Description of the task: Exactly the lines from the opening of the records through the line containing "undefined symbols (not" should be copied, with both included.

Given records:
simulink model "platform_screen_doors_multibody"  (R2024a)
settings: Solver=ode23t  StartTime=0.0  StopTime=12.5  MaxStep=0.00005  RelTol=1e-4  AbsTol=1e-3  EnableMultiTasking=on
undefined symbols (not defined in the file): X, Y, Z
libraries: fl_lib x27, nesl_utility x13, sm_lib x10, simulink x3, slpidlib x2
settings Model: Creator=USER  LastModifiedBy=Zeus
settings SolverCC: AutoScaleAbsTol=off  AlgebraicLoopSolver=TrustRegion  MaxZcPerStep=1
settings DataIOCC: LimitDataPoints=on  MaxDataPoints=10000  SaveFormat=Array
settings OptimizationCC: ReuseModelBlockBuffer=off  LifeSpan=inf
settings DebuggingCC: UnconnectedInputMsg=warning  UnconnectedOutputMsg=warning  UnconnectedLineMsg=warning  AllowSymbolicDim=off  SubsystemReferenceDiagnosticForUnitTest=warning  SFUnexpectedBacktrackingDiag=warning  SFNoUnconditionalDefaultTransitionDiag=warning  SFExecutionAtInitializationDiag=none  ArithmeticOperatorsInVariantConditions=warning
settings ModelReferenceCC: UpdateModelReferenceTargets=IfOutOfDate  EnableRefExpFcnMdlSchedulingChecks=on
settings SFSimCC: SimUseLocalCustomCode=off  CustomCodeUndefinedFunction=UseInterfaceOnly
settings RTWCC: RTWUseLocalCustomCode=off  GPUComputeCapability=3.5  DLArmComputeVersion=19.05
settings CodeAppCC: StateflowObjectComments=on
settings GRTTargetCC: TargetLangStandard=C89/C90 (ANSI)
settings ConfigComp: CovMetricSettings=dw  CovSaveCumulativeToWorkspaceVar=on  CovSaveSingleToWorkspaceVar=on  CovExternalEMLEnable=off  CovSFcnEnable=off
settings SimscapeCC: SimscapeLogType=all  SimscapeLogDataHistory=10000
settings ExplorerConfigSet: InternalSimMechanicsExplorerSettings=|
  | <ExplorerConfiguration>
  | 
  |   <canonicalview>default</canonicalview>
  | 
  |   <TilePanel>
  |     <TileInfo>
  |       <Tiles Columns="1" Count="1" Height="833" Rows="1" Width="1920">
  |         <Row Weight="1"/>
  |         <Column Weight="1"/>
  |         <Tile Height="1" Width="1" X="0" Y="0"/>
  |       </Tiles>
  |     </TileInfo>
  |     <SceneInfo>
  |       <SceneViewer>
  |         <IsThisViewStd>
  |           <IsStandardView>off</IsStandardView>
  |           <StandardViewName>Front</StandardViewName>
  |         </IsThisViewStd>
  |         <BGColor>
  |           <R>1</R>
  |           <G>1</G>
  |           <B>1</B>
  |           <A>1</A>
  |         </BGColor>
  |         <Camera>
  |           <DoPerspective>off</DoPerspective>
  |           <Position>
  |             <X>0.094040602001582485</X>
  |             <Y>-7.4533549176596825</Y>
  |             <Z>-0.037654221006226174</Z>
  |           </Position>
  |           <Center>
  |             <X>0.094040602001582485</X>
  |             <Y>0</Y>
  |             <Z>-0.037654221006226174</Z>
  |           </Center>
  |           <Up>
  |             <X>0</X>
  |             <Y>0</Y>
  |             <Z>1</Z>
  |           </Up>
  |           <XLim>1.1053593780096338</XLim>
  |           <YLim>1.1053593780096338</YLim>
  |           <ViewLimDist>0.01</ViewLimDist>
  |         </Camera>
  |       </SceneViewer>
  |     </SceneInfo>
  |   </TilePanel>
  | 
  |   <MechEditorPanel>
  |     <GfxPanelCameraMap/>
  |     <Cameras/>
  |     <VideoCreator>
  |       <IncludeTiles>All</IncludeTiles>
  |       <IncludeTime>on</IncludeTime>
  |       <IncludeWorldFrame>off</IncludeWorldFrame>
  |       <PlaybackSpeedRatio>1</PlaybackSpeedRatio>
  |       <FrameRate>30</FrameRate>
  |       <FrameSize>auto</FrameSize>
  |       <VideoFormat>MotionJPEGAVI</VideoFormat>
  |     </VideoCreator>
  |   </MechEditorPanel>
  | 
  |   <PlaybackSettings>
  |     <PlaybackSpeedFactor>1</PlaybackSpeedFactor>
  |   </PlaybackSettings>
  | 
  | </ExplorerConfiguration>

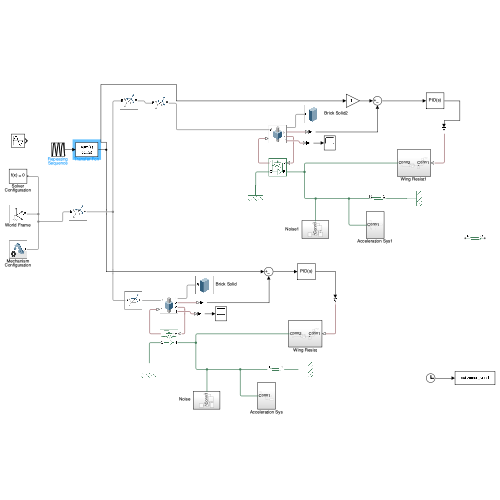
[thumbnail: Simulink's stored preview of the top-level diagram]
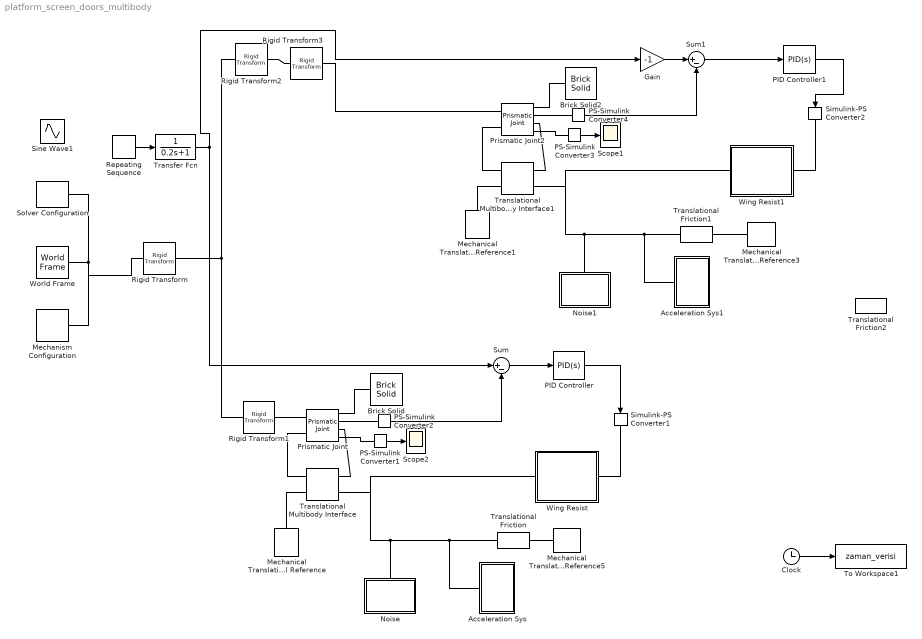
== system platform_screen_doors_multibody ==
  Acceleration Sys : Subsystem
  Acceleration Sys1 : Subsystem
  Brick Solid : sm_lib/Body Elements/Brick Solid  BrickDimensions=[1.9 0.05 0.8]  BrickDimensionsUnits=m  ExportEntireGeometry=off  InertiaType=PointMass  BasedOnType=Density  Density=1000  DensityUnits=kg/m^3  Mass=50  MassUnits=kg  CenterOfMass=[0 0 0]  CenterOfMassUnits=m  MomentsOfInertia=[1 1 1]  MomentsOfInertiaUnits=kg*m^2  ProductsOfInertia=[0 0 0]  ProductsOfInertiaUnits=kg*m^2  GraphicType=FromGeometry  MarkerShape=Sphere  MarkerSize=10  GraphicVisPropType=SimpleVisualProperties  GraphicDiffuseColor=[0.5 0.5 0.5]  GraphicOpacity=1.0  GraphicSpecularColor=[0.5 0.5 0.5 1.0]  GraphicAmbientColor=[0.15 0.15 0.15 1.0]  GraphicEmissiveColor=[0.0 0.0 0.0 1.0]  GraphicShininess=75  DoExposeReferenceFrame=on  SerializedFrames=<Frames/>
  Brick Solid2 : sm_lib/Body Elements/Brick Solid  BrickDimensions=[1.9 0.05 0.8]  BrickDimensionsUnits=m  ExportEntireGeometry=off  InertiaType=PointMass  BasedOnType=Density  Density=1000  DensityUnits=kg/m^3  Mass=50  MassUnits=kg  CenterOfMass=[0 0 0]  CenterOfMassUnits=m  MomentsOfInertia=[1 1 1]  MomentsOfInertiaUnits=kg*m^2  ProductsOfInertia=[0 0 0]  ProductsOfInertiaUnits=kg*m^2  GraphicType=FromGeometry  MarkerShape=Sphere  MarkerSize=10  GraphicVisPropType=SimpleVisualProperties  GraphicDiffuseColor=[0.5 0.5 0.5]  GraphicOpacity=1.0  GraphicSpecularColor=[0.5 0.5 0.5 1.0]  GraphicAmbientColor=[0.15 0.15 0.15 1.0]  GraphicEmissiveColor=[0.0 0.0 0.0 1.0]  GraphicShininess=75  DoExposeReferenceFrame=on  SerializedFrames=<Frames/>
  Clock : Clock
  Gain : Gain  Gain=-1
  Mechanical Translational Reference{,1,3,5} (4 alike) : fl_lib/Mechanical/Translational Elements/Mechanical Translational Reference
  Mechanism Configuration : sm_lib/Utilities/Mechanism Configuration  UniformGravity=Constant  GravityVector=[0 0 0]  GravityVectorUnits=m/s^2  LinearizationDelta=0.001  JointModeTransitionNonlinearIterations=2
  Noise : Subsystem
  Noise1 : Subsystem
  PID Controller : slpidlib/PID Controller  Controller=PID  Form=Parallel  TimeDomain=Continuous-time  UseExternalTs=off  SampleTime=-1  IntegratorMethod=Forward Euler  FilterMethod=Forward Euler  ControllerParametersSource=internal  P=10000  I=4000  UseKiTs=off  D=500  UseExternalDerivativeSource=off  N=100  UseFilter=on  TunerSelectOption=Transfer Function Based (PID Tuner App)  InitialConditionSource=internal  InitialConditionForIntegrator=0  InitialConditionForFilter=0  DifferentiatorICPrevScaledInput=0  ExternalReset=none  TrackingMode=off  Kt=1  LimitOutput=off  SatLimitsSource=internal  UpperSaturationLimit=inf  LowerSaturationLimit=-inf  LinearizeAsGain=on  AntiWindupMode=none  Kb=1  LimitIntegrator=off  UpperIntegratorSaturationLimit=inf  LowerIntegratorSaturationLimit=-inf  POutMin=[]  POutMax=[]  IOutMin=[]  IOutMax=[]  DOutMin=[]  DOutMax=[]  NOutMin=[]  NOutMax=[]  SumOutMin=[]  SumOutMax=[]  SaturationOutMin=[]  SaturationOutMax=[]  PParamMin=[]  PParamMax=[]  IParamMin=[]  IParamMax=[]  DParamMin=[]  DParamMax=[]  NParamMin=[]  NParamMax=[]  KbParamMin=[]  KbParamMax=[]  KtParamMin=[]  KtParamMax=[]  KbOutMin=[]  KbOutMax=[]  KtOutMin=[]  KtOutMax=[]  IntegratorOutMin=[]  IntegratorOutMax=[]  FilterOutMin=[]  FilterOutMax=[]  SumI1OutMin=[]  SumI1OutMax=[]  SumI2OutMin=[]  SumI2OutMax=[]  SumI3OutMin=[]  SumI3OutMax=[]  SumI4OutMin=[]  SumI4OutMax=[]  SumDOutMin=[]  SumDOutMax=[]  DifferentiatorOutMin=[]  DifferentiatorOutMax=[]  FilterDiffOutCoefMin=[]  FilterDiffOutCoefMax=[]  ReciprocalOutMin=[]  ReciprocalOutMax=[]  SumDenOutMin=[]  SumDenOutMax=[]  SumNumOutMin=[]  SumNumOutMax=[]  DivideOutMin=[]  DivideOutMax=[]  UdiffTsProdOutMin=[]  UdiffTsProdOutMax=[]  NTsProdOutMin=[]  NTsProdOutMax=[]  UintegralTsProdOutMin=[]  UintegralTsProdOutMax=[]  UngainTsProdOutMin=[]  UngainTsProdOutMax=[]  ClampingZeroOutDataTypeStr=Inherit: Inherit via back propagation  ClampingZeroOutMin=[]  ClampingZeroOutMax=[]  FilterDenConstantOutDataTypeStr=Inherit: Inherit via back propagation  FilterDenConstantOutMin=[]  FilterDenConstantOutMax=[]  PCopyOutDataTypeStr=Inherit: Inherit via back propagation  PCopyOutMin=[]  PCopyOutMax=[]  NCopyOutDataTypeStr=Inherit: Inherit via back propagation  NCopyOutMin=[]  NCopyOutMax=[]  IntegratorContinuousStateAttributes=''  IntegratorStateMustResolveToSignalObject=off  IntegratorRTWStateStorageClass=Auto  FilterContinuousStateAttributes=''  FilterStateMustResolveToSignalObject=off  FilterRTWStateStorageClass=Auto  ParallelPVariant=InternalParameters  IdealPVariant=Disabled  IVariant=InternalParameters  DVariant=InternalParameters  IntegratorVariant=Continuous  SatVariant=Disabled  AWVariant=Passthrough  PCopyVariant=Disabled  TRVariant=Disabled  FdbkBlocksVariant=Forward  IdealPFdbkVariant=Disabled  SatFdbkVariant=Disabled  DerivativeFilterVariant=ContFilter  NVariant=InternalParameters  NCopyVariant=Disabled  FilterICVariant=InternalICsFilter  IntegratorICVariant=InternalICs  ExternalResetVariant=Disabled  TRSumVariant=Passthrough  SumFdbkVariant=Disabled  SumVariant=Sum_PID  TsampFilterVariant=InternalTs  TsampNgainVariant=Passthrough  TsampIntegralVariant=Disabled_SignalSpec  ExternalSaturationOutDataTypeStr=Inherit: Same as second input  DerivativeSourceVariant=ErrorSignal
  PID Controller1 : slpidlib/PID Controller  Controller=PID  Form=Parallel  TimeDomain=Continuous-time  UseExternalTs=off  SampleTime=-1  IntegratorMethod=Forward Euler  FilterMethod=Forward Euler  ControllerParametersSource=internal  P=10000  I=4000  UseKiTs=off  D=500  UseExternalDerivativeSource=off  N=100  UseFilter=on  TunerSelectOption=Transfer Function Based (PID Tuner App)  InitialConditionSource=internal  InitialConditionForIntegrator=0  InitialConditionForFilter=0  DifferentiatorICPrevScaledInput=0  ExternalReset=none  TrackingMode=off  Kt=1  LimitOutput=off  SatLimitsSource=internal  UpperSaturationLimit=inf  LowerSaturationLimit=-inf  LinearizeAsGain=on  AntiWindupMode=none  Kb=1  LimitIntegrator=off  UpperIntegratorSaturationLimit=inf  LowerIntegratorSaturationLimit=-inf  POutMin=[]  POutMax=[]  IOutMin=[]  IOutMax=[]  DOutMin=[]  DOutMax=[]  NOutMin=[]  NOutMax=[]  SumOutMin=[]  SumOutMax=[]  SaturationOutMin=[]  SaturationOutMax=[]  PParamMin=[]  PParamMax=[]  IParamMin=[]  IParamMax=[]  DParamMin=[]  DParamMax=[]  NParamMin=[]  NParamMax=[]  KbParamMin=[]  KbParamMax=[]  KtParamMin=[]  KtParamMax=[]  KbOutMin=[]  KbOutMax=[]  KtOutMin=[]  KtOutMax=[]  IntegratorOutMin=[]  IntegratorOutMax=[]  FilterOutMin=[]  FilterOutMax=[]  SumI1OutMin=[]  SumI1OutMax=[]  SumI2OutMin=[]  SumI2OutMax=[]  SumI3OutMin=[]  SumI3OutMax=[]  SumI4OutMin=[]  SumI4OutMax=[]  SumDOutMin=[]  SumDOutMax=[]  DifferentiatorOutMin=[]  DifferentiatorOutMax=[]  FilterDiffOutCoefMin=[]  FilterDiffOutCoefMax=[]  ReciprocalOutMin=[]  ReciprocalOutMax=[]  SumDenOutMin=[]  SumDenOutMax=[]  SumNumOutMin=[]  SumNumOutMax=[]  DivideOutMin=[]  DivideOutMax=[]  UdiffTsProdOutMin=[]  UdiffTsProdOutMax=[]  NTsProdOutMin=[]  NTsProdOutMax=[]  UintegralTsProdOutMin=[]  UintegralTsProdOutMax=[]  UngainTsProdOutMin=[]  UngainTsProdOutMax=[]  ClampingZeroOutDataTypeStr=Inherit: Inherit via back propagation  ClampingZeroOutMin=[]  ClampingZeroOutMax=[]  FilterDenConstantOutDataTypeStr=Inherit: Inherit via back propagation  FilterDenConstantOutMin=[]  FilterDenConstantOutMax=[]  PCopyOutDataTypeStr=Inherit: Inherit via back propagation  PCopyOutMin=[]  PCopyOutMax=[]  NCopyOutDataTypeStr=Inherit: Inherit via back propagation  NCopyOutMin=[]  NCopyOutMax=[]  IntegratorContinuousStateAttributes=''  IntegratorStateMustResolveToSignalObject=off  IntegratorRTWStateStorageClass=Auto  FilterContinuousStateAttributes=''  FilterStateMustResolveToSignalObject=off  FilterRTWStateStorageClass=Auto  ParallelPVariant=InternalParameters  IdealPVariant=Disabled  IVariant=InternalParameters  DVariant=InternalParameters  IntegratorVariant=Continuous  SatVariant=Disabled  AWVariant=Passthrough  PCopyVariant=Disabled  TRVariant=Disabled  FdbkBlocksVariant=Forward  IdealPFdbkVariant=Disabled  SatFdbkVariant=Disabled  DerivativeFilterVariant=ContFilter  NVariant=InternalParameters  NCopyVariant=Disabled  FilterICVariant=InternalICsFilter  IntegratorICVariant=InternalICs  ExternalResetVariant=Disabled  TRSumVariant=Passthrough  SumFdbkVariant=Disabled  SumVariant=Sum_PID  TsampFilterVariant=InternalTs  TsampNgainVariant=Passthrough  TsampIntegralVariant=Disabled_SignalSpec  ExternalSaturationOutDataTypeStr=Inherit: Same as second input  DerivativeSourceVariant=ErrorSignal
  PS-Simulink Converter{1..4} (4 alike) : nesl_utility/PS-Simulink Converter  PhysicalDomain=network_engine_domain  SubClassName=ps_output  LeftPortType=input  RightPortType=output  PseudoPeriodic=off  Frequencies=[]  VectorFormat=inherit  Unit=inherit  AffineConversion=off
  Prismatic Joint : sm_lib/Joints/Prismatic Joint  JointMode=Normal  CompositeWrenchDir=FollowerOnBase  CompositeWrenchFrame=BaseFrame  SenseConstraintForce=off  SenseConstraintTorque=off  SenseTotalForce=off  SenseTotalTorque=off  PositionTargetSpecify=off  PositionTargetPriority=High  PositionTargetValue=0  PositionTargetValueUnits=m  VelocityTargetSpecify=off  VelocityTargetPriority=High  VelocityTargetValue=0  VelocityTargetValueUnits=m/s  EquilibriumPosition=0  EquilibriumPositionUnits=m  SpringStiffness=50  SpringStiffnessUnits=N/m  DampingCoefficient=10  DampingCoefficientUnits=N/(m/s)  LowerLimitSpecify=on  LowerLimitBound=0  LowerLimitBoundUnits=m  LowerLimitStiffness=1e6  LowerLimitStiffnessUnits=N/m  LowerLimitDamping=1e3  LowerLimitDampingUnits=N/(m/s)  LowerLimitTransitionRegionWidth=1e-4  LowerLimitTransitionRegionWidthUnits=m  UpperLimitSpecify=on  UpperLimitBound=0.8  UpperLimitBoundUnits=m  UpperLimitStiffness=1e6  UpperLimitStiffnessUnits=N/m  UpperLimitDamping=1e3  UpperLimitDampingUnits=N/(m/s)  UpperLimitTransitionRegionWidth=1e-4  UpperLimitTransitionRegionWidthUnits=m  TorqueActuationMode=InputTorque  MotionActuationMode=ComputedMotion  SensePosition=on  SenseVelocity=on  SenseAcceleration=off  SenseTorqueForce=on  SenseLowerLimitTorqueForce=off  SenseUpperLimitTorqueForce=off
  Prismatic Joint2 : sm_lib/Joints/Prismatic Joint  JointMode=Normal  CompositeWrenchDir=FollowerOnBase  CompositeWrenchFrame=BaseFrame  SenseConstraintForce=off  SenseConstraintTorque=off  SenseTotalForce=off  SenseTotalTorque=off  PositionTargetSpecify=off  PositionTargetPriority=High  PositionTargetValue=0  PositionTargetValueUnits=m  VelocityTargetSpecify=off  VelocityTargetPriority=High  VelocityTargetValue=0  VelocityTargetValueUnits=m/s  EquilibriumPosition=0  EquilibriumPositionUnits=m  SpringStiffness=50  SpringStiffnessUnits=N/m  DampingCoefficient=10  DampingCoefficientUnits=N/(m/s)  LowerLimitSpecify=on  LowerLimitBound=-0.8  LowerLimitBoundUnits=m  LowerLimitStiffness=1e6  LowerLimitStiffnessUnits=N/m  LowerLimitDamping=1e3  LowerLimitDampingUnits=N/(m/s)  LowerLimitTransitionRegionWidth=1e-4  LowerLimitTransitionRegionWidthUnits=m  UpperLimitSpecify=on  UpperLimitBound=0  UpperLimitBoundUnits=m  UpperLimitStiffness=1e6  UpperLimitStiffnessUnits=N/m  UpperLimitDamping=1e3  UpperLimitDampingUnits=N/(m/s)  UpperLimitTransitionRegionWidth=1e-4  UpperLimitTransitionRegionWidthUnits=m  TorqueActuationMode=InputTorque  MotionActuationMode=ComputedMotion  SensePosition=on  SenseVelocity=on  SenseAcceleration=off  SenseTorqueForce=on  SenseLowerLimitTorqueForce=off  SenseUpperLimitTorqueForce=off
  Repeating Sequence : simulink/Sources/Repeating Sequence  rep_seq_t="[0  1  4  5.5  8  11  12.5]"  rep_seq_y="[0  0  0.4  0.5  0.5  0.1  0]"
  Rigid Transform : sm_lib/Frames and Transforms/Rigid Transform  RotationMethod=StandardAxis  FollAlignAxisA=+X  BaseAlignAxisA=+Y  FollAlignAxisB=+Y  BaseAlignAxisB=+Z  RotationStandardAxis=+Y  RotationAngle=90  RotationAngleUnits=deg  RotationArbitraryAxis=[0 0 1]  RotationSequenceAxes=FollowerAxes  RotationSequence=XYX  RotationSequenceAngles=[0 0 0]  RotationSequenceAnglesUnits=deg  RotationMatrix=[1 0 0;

Task solution:
simulink model "platform_screen_doors_multibody"  (R2024a)
settings: Solver=ode23t  StartTime=0.0  StopTime=12.5  MaxStep=0.00005  RelTol=1e-4  AbsTol=1e-3  EnableMultiTasking=on
undefined symbols (not defined in the file): X, Y, Z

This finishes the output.